• [WORK TO BE COMPLETED]:
Reading the records below, count the lines in which the string "drawing" appears; write the number only.
----------------
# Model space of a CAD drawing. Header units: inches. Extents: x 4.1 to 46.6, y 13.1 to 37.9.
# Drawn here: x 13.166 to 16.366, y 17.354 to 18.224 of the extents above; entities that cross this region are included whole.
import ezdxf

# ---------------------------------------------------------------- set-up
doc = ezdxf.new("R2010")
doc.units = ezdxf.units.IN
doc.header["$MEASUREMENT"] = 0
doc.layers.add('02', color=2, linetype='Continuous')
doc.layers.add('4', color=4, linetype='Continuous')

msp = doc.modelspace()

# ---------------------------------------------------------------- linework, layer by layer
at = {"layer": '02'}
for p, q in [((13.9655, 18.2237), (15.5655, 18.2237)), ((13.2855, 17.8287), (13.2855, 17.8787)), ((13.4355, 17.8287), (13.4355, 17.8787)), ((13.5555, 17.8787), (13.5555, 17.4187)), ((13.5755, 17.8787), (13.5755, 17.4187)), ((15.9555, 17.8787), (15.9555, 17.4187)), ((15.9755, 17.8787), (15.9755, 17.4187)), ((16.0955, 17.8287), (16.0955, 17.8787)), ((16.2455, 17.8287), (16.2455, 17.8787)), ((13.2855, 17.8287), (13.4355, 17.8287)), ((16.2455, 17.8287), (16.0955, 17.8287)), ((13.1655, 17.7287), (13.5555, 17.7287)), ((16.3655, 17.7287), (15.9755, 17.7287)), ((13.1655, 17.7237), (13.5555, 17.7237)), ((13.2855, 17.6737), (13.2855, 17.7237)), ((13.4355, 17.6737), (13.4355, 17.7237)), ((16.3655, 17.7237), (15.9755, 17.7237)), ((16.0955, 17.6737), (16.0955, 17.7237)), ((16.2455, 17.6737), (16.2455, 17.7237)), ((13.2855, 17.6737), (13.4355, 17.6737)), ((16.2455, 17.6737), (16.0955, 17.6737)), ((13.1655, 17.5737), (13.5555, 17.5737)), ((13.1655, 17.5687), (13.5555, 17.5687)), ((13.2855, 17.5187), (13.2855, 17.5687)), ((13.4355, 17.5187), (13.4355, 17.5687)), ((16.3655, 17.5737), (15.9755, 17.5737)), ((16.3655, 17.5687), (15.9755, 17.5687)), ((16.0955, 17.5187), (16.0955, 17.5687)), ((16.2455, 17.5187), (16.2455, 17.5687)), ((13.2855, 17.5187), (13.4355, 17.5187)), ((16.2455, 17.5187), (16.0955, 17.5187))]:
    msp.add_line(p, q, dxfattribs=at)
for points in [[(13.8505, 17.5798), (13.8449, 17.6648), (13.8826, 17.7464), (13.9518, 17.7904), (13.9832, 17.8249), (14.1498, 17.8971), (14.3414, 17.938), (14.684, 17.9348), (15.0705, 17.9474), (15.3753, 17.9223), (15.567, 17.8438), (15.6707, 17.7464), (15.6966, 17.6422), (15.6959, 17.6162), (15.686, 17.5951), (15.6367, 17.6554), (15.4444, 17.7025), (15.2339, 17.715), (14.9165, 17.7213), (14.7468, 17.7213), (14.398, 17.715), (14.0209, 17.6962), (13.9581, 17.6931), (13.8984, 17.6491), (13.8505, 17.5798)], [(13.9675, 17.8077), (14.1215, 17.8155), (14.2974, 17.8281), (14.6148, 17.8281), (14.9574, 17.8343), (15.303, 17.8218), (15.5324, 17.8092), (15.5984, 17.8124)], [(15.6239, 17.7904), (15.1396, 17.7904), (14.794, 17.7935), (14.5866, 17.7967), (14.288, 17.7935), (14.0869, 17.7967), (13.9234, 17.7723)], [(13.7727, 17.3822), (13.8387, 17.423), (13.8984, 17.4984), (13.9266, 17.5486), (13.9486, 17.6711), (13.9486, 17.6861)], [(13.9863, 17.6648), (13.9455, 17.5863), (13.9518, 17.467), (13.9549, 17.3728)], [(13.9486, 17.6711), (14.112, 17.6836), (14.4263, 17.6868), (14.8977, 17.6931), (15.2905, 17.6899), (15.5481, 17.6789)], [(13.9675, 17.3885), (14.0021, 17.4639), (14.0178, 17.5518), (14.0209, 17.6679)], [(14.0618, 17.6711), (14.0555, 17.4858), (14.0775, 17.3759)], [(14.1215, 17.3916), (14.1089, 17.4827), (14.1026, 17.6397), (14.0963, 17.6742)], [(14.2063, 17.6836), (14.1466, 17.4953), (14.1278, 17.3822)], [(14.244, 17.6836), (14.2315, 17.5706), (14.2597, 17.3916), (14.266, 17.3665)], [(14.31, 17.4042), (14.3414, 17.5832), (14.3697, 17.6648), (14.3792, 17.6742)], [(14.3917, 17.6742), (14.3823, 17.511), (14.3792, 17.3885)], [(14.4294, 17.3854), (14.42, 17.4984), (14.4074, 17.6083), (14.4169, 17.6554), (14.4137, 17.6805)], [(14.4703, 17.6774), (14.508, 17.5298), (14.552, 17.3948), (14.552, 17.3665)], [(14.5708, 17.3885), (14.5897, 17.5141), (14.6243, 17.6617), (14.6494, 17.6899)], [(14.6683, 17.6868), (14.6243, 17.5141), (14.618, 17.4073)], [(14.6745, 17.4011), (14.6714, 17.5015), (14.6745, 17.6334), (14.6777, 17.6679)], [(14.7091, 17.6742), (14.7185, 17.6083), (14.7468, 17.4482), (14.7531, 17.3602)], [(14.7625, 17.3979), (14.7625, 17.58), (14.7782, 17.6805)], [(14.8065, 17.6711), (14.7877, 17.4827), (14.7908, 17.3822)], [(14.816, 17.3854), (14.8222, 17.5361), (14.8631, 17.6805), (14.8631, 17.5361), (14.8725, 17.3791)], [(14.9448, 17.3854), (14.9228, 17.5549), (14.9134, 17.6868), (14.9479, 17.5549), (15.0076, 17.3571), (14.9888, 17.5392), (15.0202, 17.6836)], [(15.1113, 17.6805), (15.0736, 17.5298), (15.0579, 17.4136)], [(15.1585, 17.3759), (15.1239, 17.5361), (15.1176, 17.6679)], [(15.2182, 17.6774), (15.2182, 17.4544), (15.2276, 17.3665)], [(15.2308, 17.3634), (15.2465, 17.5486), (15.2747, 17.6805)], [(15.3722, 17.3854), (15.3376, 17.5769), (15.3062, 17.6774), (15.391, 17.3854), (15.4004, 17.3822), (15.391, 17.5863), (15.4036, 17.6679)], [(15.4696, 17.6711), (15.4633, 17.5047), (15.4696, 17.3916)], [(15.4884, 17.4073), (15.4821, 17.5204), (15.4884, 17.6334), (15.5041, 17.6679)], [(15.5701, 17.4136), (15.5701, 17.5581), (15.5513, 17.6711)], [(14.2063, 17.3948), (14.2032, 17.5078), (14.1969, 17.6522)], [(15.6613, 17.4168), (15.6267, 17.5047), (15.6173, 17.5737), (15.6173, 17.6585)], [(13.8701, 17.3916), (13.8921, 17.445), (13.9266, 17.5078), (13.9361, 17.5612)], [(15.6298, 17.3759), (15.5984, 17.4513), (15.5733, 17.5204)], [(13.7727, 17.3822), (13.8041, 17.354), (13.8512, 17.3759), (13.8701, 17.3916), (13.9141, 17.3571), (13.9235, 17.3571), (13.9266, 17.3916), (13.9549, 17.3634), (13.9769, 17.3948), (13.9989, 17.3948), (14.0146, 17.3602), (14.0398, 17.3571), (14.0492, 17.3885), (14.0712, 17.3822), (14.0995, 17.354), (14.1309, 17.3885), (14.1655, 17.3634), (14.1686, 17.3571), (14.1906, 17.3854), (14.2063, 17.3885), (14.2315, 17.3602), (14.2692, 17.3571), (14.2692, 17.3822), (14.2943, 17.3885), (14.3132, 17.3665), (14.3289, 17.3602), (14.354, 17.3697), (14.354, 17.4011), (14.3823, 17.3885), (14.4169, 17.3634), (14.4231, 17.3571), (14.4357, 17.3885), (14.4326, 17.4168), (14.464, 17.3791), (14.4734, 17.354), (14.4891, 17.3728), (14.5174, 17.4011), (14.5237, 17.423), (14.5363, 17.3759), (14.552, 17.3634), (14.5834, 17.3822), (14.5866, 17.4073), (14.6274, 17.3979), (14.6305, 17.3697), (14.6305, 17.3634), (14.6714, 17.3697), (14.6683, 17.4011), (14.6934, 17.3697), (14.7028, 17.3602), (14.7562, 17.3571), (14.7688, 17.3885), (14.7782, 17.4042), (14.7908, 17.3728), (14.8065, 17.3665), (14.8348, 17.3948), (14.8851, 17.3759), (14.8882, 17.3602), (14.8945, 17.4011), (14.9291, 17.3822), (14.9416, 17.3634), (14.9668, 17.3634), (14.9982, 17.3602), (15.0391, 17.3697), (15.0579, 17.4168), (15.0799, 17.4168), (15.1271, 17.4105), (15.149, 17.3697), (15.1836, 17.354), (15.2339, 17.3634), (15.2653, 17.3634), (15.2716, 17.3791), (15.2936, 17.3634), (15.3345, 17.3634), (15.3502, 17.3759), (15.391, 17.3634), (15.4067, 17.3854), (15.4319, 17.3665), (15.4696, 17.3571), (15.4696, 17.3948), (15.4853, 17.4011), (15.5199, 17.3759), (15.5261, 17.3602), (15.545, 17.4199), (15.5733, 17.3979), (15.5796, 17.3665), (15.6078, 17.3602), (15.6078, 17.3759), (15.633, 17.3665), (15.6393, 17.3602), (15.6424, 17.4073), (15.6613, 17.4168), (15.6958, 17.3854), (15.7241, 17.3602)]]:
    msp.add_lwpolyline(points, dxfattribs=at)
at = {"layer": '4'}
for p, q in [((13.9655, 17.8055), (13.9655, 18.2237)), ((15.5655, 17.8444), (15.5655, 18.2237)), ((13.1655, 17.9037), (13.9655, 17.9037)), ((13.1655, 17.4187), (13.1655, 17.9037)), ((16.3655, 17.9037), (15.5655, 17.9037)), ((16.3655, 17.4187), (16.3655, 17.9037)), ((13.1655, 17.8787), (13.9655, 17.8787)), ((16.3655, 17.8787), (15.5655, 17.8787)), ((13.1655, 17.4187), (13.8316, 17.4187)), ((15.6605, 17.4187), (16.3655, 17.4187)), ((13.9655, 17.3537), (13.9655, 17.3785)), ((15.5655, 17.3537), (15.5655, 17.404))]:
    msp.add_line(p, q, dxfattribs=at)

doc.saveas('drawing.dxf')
----------------
• [FINISHED EXERCISE]:
2